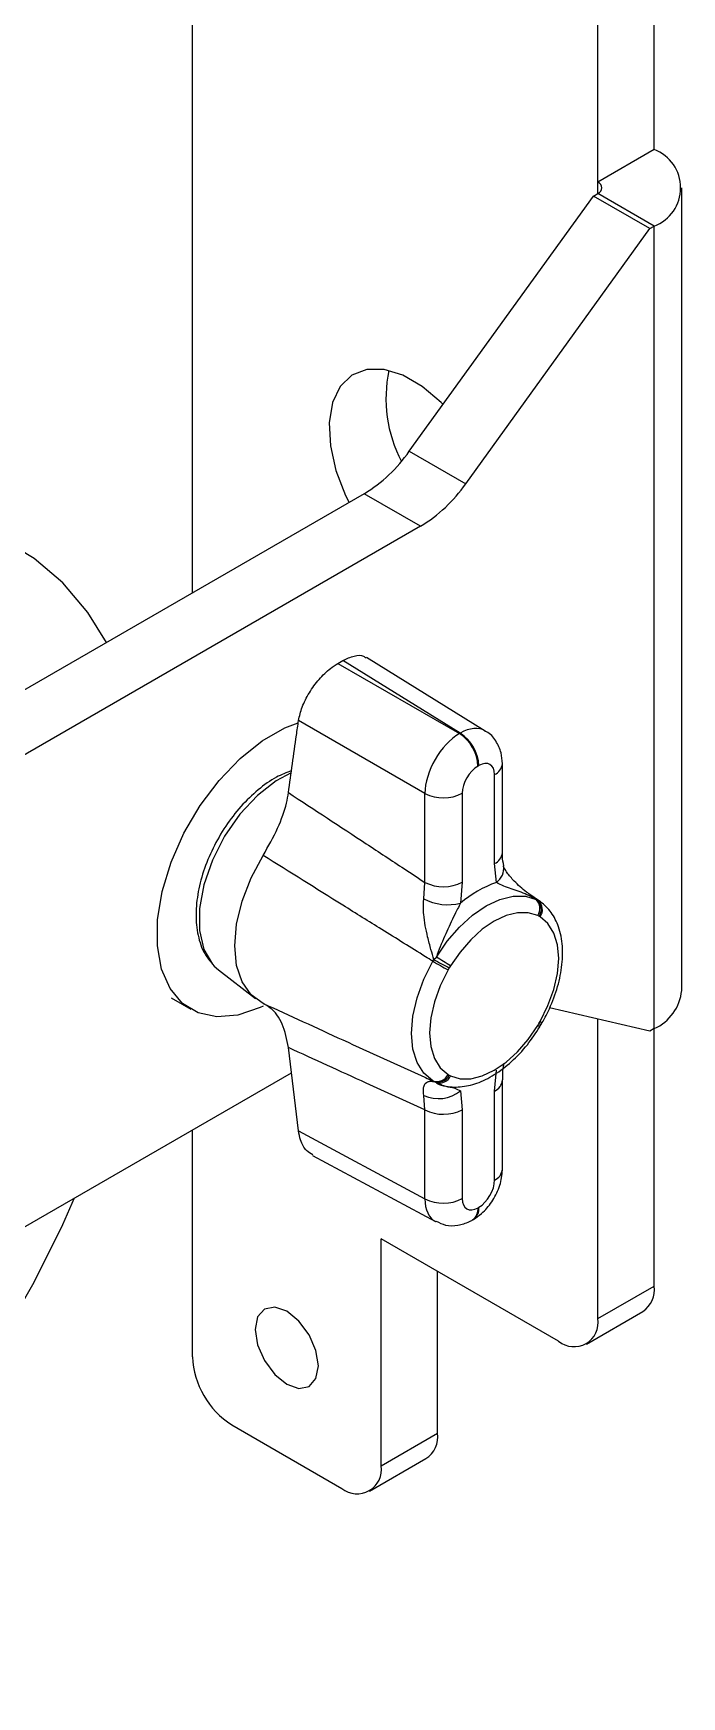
# Model space of a CAD drawing. Header units: inches. Extents: x 2.5 to 102.3, y 2 to 82.2.
# Drawn here: x 66.19 to 67.53, y 49.569 to 53.006 of the extents above; entities that cross this region are included whole.
import ezdxf

# ---------------------------------------------------------------- set-up
doc = ezdxf.new("R2010")
doc.units = ezdxf.units.IN
doc.header["$MEASUREMENT"] = 0

msp = doc.modelspace()

# ---------------------------------------------------------------- linework, layer by layer
for p, q in [((67.4731, 52.7653), (67.4731, 54.0175)), ((67.3566, 52.6746), (67.3566, 53.9502)), ((66.5192, 51.8496), (66.5192, 53.8712)), ((67.4731, 52.7653), (67.3566, 52.698)), ((67.5297, 51.0282), (67.5297, 52.6863)), ((66.967, 52.142), (67.3475, 52.6693)), ((67.3475, 52.6693), (67.3566, 52.6746)), ((67.4639, 52.6021), (67.3475, 52.6693)), ((67.4731, 52.6074), (67.3566, 52.6746)), ((67.0835, 52.0748), (67.4639, 52.6021)), ((67.4639, 52.6021), (67.4731, 52.6074)), ((67.4731, 50.4175), (67.4731, 52.6074)), ((66.967, 52.142), (67.0835, 52.0748)), ((66.8739, 52.0544), (65.4637, 51.2403)), ((66.9903, 51.9871), (66.8739, 52.0544)), ((66.9903, 51.9871), (65.5802, 51.1731)), ((66.8195, 51.7038), (66.8299, 51.7098)), ((66.8195, 51.7038), (67.0707, 51.5588)), ((67.0724, 51.5598), (66.8299, 51.7098)), ((67.124, 51.5641), (66.8785, 51.716)), ((66.9992, 51.4351), (66.7383, 51.5858)), ((67.0707, 51.5588), (67.0724, 51.5598)), ((67.1107, 51.4927), (67.109, 51.4917)), ((67.1593, 51.3127), (67.1593, 51.4965)), ((67.1431, 51.2902), (67.1431, 51.474)), ((66.9992, 51.2513), (66.9992, 51.4351)), ((67.0765, 51.4355), (67.0765, 51.2517)), ((67.1469, 51.2512), (67.1431, 51.2902)), ((66.9971, 51.2175), (66.9992, 51.2513)), ((67.0765, 51.2517), (67.0727, 51.2084)), ((67.2379, 51.211), (67.2141, 51.228)), ((67.2235, 51.2209), (67.2331, 51.2142)), ((67.2293, 51.2161), (67.2311, 51.2155)), ((67.2311, 51.2155), (67.2331, 51.2142)), ((67.2331, 51.2142), (67.2379, 51.211)), ((67.2349, 51.1815), (67.2325, 51.1829)), ((67.2373, 51.1801), (67.2349, 51.1815)), ((66.5641, 51.0785), (66.5729, 51.0706)), ((66.5729, 51.0706), (66.6491, 51.0112)), ((67.0155, 51.0885), (67.0175, 51.0922)), ((67.0175, 51.0922), (67.0229, 51.0969)), ((67.0497, 51.0746), (67.0473, 51.0704)), ((67.0521, 51.0787), (67.0497, 51.0746)), ((66.4749, 51.0128), (66.5156, 50.9893)), ((67.4639, 50.944), (67.2566, 50.9919)), ((67.3566, 50.3502), (67.3566, 50.9688)), ((67.2325, 50.9558), (67.2349, 50.96)), ((67.2349, 50.96), (67.2373, 50.9641)), ((67.2362, 50.9529), (67.2408, 50.9602)), ((67.2365, 50.9527), (67.2365, 50.9527)), ((67.2396, 50.9578), (67.2418, 50.9616)), ((67.4731, 50.9493), (67.4639, 50.944)), ((66.7383, 50.738), (66.7174, 50.9101)), ((67.1431, 50.8203), (67.1469, 50.8636)), ((65.5802, 50.1981), (66.7237, 50.8582)), ((67.0175, 50.8399), (67.0155, 50.8411)), ((67.0229, 50.8372), (67.0175, 50.8399)), ((67.0309, 50.8339), (67.0229, 50.8372)), ((67.0473, 50.8545), (67.0497, 50.853)), ((67.0497, 50.853), (67.0521, 50.8516)), ((67.1593, 50.659), (67.1593, 50.8428)), ((66.9992, 50.7814), (66.9971, 50.8111)), ((67.0727, 50.8208), (67.0765, 50.7818)), ((67.1431, 50.6365), (67.1431, 50.8203)), ((66.9992, 50.5976), (66.9992, 50.7814)), ((67.0765, 50.7818), (67.0765, 50.598)), ((66.5192, 50.2712), (66.5192, 50.7401)), ((66.7383, 50.738), (66.9992, 50.5976)), ((66.7673, 50.6873), (67.0213, 50.5507)), ((67.0976, 50.554), (67.0993, 50.555)), ((67.109, 50.5793), (67.1107, 50.5803)), ((67.2754, 50.3033), (66.9088, 50.515)), ((66.9088, 50.0462), (66.9088, 50.515)), ((67.0253, 50.1135), (67.0253, 50.4478)), ((67.3566, 50.3502), (67.4731, 50.4175)), ((67.3328, 50.2977), (67.4493, 50.3649)), ((66.6003, 50.1306), (66.8277, 49.9993)), ((66.9088, 50.0462), (67.0253, 50.1135)), ((66.8851, 49.9937), (67.0015, 50.0609))]:
    msp.add_line(p, q)
at = {"flags": 128}
for points in [[(67.0369, 52.2389), (67.0328, 52.2431), (66.9938, 52.2762), (66.9538, 52.2993), (66.9148, 52.3111), (66.879, 52.3111), (66.8484, 52.299), (66.8245, 52.2758), (66.8086, 52.2425), (66.8016, 52.2009), (66.804, 52.1534), (66.8155, 52.1025), (66.8355, 52.0509), (66.8427, 52.0363)], [(66.3417, 51.7472), (66.3029, 51.8088), (66.2511, 51.8699), (66.1919, 51.9206), (66.1258, 51.9603), (66.0536, 51.9887), (65.9758, 52.0055), (65.8932, 52.0105), (65.8066, 52.0038), (65.7168, 51.9853), (65.6246, 51.9552), (65.5309, 51.9139), (65.4365, 51.8617), (65.3425, 51.799), (65.2495, 51.7266), (65.1586, 51.645)], [(66.6634, 51.544), (66.7101, 51.5705), (66.7375, 51.581)], [(66.6653, 50.9958), (66.6587, 50.9927), (66.6129, 50.9773), (66.5698, 50.9737), (66.5312, 50.9818), (66.4984, 51.0015), (66.4728, 51.0319), (66.4553, 51.0719), (66.4467, 51.12), (66.4471, 51.1743), (66.4567, 51.2327), (66.475, 51.293), (66.5014, 51.3529), (66.5348, 51.41), (66.574, 51.4622), (66.6174, 51.5074), (66.6634, 51.544)], [(66.7231, 51.4778), (66.6919, 51.461), (66.6532, 51.4308), (66.6171, 51.392), (66.5856, 51.3467), (66.5603, 51.2974), (66.5427, 51.2466), (66.5337, 51.1973), (66.5337, 51.1519), (66.5427, 51.113), (66.5603, 51.0826), (66.5641, 51.0785)], [(66.6651, 51.0014), (66.6403, 51.0191), (66.6218, 51.0457), (66.6103, 51.0799), (66.6065, 51.1204), (66.6103, 51.1653), (66.6218, 51.2127), (66.6403, 51.2606), (66.6651, 51.307)], [(67.0229, 51.0969), (67.0454, 51.1297), (67.0707, 51.1589), (67.0979, 51.1836), (67.1261, 51.2029), (67.1542, 51.2161), (67.1814, 51.2229), (67.2067, 51.2228), (67.2293, 51.2161)], [(67.2325, 51.1829), (67.2128, 51.1888), (67.1907, 51.1888), (67.1669, 51.1829), (67.1423, 51.1713), (67.1177, 51.1545), (67.0939, 51.1329), (67.0718, 51.1074), (67.0521, 51.0787)], [(67.2373, 50.9641), (67.2535, 50.9967), (67.2656, 51.0301), (67.2731, 51.063), (67.2756, 51.0942), (67.2731, 51.1225), (67.2656, 51.1468), (67.2535, 51.1662), (67.2373, 51.1801)], [(67.0155, 50.8411), (66.9968, 50.857), (66.983, 50.8792), (66.9745, 50.9071), (66.9716, 50.9395), (66.9745, 50.9752), (66.983, 51.0129), (66.9968, 51.0512), (67.0155, 51.0885)], [(67.0473, 51.0704), (67.0311, 51.0378), (67.019, 51.0044), (67.0115, 50.9715), (67.009, 50.9403), (67.0115, 50.912), (67.019, 50.8877), (67.0311, 50.8683), (67.0473, 50.8545)], [(67.0521, 50.8516), (67.0718, 50.8457), (67.0939, 50.8457), (67.1177, 50.8516), (67.1423, 50.8632), (67.1669, 50.88), (67.1907, 50.9016), (67.2128, 50.9271), (67.2325, 50.9558)], [(65.3481, 49.569), (65.4365, 49.6125), (65.5309, 49.6692), (65.6246, 49.7361), (65.7168, 49.8125), (65.8066, 49.8977), (65.8932, 49.991), (65.9758, 50.0913), (66.0536, 50.1979), (66.1258, 50.3097), (66.1919, 50.4257), (66.2511, 50.5447), (66.2755, 50.5995)], [(66.714, 50.2146), (66.739, 50.2059), (66.7602, 50.21), (66.7743, 50.2263), (66.7793, 50.2523), (66.7743, 50.284), (66.7602, 50.3166), (66.739, 50.3452), (66.714, 50.3653), (66.689, 50.374), (66.6678, 50.3699), (66.6537, 50.3536), (66.6487, 50.3276), (66.6537, 50.2959), (66.6678, 50.2633), (66.689, 50.2347), (66.714, 50.2146)]]:
    msp.add_lwpolyline(points, dxfattribs=at)
for centre, radius, start, end in [((67.4431, 52.6863), 0.0844, 290.7832, 69.2168), ((67.3522, 52.6863), 0.0125, 290.784, 69.216), ((67.1993, 52.2508), 0.2805, 167.9952, 207.5783), ((66.712, 52.3196), 0.3107, 301.3929, 325.1482), ((66.8285, 52.2524), 0.3107, 301.3929, 325.1482), ((67.0241, 51.4878), 0.0849, 2.6526, 56.77), ((67.0259, 51.4888), 0.0849, 2.6526, 56.77), ((67.1322, 51.4989), 0.0272, 293.7506, 354.9143), ((67.0375, 51.5109), 0.0849, 243.2342, 297.3433), ((67.1322, 51.3151), 0.0272, 293.7492, 354.9316), ((67.1265, 51.2805), 0.0357, 304.9934, 7.9743), ((67.0375, 51.3272), 0.0849, 243.2342, 297.3433), ((67.2217, 51.036), 0.2278, 109.1554, 130.8392), ((67.0468, 51.3118), 0.1066, 242.1805, 284.0483), ((67.2094, 51.1974), 0.0273, 327.9029, 43.2694), ((67.2144, 51.1964), 0.0254, 324.1648, 48.8583), ((67.2161, 51.1948), 0.0258, 325.1096, 48.7805), ((68.7378, 54.0753), 3.4478, 240.0293, 240.6383), ((67.4546, 51.8525), 0.877, 240.1033, 242.4999), ((66.7159, 50.572), 0.6081, 56.4321, 59.6777), ((67.4329, 51.0379), 0.0973, 294.3746, 354.3051), ((67.2246, 50.9413), 0.0165, 43.616, 61.3492), ((67.2448, 50.9755), 0.0184, 237.569, 253.4189), ((67.2743, 51.0268), 0.0728, 239.4026, 243.3824), ((67.0239, 50.8658), 0.026, 251.2155, 334.2427), ((67.026, 50.8649), 0.0264, 251.1142, 333.3151), ((67.0286, 50.8623), 0.0257, 257.0474, 335.6401), ((67.133, 50.8445), 0.0263, 292.6655, 357.2969), ((67.027, 50.8775), 0.0729, 245.7653, 308.8866), ((67.0375, 50.8572), 0.0849, 243.2342, 297.3433), ((67.1329, 50.6609), 0.0265, 292.799, 355.8817), ((67.0375, 50.6735), 0.0849, 243.2342, 297.3433), ((67.0827, 50.576), 0.0265, 304.084, 7.2055), ((67.0844, 50.577), 0.0265, 304.1119, 7.1887), ((67.418, 50.4107), 0.0555, 304.3379, 6.9744), ((67.3071, 50.3422), 0.0501, 230.7965, 9.214), ((66.6954, 50.2792), 0.1764, 182.6055, 237.3946), ((66.9723, 50.1058), 0.0535, 303.0544, 8.2569), ((66.8594, 50.0382), 0.0501, 230.797, 9.2135)]:
    msp.add_arc(centre, radius, start, end)
for centre, major_axis, ratio, start_param, end_param in [((67.07, 51.4767), (0.0505, 0.0875), 0.566375, 0.78547, 2.355962), ((67.0717, 51.4777), (0.052, 0.0867), 0.577294, 0.000515, 0.794681), ((67.109, 51.4542), (0.023, 0.0398), 0.577557, 0.785469, 2.355961), ((67.1107, 51.4552), (0.023, 0.0398), 0.577206, 5.497858, 7.06835), ((67.1107, 50.6178), (0.023, 0.0398), 0.577557, 3.927062, 5.497554), ((67.07, 50.6393), (0.0491, 0.0883), 0.577292, 2.346749, 3.156169), ((67.109, 50.6168), (0.023, 0.0398), 0.577206, 2.356266, 3.926757)]:
    msp.add_ellipse(centre, major_axis=major_axis, ratio=ratio, start_param=start_param, end_param=end_param)
for points, knots in [([(66.8299, 51.7098), (66.8377, 51.7134), (66.8534, 51.7208), (66.8701, 51.7214), (66.8761, 51.7163), (66.8777, 51.7148)], [0, 0, 0, 0, 0.41825, 0.836443, 1, 1, 1, 1]), ([(66.7383, 51.5858), (66.7403, 51.5949), (66.7443, 51.6131), (66.7597, 51.6434), (66.7801, 51.6715), (66.8012, 51.6921), (66.8144, 51.7005), (66.8195, 51.7038)], [0, 0, 0, 0, 0.216913, 0.433856, 0.649986, 0.864734, 1, 1, 1, 1]), ([(66.7174, 51.4368), (66.7229, 51.4764), (66.7298, 51.5261), (66.7368, 51.5757), (66.7383, 51.5858)], [0, 0, 0, 0, 0.795978, 1, 1, 1, 1]), ([(67.1593, 51.4965), (67.1588, 51.5041), (67.1577, 51.5208), (67.1466, 51.5438), (67.1337, 51.5599), (67.1241, 51.5636), (67.1228, 51.5641)], [0, 0, 0, 0, 0.282654, 0.618842, 0.951239, 1, 1, 1, 1]), ([(66.7238, 51.4821), (66.7133, 51.4781), (66.6898, 51.4691), (66.6543, 51.4436), (66.6186, 51.4093), (66.5869, 51.3681), (66.5606, 51.3224), (66.5408, 51.2743), (66.5288, 51.2259), (66.525, 51.1791), (66.5305, 51.1363), (66.5431, 51.1025), (66.5572, 51.087), (66.5628, 51.0809)], [0, 0, 0, 0, 0.0761945, 0.1708661, 0.2660896, 0.3610514, 0.4558596, 0.5508112, 0.6461492, 0.7422416, 0.8393134, 0.9364449, 1, 1, 1, 1]), ([(66.6651, 51.307), (66.6758, 51.3258), (66.6965, 51.3624), (66.7123, 51.4071), (66.7162, 51.4298), (66.7174, 51.4368)], [0, 0, 0, 0, 0.422339, 0.82021, 1, 1, 1, 1]), ([(66.7174, 51.4368), (66.771, 51.4016), (66.8508, 51.3492), (66.9447, 51.2873), (66.9851, 51.2607), (66.9992, 51.2513)], [0, 0, 0, 0, 0.57018, 0.849595, 1, 1, 1, 1]), ([(67.1623, 51.2855), (67.1609, 51.2918), (67.1592, 51.2999), (67.1594, 51.3105), (67.1595, 51.3129)], [0, 0, 0, 0, 0.778266, 1, 1, 1, 1]), ([(67.0155, 51.0885), (67.0105, 51.0916), (66.9753, 51.1135), (66.9135, 51.152), (66.8016, 51.2217), (66.72, 51.2726), (66.6651, 51.307)], [0, 0, 0, 0, 0.042668, 0.300818, 0.528957, 1, 1, 1, 1]), ([(67.228, 51.2179), (67.2217, 51.2224), (67.2057, 51.2335), (67.1853, 51.2517), (67.1701, 51.2693), (67.1637, 51.2796), (67.1619, 51.2848), (67.162, 51.2845), (67.162, 51.2844)], [0, 0, 0, 0, 0.1999307, 0.5015459, 0.7237363, 0.8572623, 0.9531146, 1, 1, 1, 1]), ([(67.2293, 51.2161), (67.228, 51.2168), (67.2167, 51.2231), (67.1946, 51.2331), (67.1656, 51.2415), (67.1519, 51.2486), (67.1469, 51.2512)], [0, 0, 0, 0, 0.047014, 0.422703, 0.791399, 1, 1, 1, 1]), ([(67.0175, 51.0922), (67.0156, 51.0989), (67.0113, 51.1142), (67.0032, 51.1445), (66.9979, 51.1716), (66.9957, 51.1983), (66.9965, 51.2089), (66.9971, 51.2175)], [0, 0, 0, 0, 0.171205, 0.388416, 0.746414, 0.794467, 1, 1, 1, 1]), ([(67.0727, 51.2084), (67.0688, 51.2007), (67.058, 51.1794), (67.0418, 51.1449), (67.0294, 51.1151), (67.0235, 51.0988), (67.0229, 51.0969)], [0, 0, 0, 0, 0.208601, 0.577297, 0.952986, 1, 1, 1, 1]), ([(67.2417, 50.9617), (67.2459, 50.9694), (67.2579, 50.9916), (67.2729, 51.0304), (67.2831, 51.0764), (67.2847, 51.1204), (67.2772, 51.1588), (67.2616, 51.1897), (67.2448, 51.2068), (67.234, 51.2136), (67.2319, 51.215)], [0, 0, 0, 0, 0.080516, 0.232743, 0.386045, 0.540909, 0.697629, 0.835323, 0.967331, 1, 1, 1, 1]), ([(66.6651, 51.0014), (66.72, 50.9762), (66.8318, 50.925), (66.9486, 50.8716), (67.0105, 50.8434), (67.0155, 50.8411)], [0, 0, 0, 0, 0.471044, 0.957332, 1, 1, 1, 1]), ([(66.7174, 50.9101), (66.714, 50.9271), (66.707, 50.961), (66.6856, 50.9896), (66.6701, 50.9985), (66.6651, 51.0014)], [0, 0, 0, 0, 0.403001, 0.806111, 1, 1, 1, 1]), ([(67.0309, 50.8344), (67.0338, 50.8333), (67.0466, 50.8284), (67.0724, 50.8277), (67.1072, 50.8352), (67.1432, 50.8529), (67.1786, 50.88), (67.2108, 50.9138), (67.2283, 50.9402), (67.2365, 50.9527)], [0, 0, 0, 0, 0.043467, 0.194725, 0.34963, 0.51241, 0.680044, 0.848204, 1, 1, 1, 1]), ([(66.9992, 50.7814), (66.9589, 50.7998), (66.8649, 50.8426), (66.771, 50.8856), (66.7174, 50.9101)], [0, 0, 0, 0, 0.42982, 1, 1, 1, 1]), ([(67.16, 50.8434), (67.1598, 50.8511), (67.1597, 50.8616), (67.1619, 50.8739), (67.1625, 50.8771)], [0, 0, 0, 0, 0.740186, 1, 1, 1, 1]), ([(66.9971, 50.8111), (66.9965, 50.8168), (66.9957, 50.8238), (66.9979, 50.8345), (67.0032, 50.8396), (67.0113, 50.8409), (67.0156, 50.8402), (67.0175, 50.8399)], [0, 0, 0, 0, 0.205533, 0.253586, 0.611584, 0.828795, 1, 1, 1, 1]), ([(67.0229, 50.8372), (67.0235, 50.8368), (67.0294, 50.8336), (67.0418, 50.8293), (67.058, 50.8283), (67.0688, 50.8228), (67.0727, 50.8208)], [0, 0, 0, 0, 0.047014, 0.422703, 0.791399, 1, 1, 1, 1]), ([(66.7679, 50.6883), (66.7633, 50.6909), (66.7522, 50.6972), (66.7424, 50.7157), (66.7394, 50.7316), (66.7383, 50.738)], [0, 0, 0, 0, 0.297948, 0.717554, 1, 1, 1, 1]), ([(67.0993, 50.555), (67.105, 50.5589), (67.1195, 50.5685), (67.1387, 50.591), (67.1539, 50.621), (67.159, 50.6446), (67.1593, 50.657), (67.1593, 50.659)], [0, 0, 0, 0, 0.169995, 0.425738, 0.692859, 0.951772, 1, 1, 1, 1]), ([(67.0226, 50.5514), (67.0289, 50.5483), (67.0429, 50.5413), (67.0675, 50.542), (67.086, 50.5477), (67.0955, 50.5529), (67.0976, 50.554)], [0, 0, 0, 0, 0.264732, 0.588281, 0.909088, 1, 1, 1, 1])]:
    msp.add_open_spline(points, degree=3, knots=knots)

doc.saveas('drawing.dxf')

◆ INSTRUCTIONS TO FOLLOW
Each line from the one that contains "msp.add_open_spline(points, degree=3, knots=knots)" through the end of the records must be repeated exactly. No other line belongs in the answer.

◆ RESULT
    msp.add_open_spline(points, degree=3, knots=knots)

doc.saveas('drawing.dxf')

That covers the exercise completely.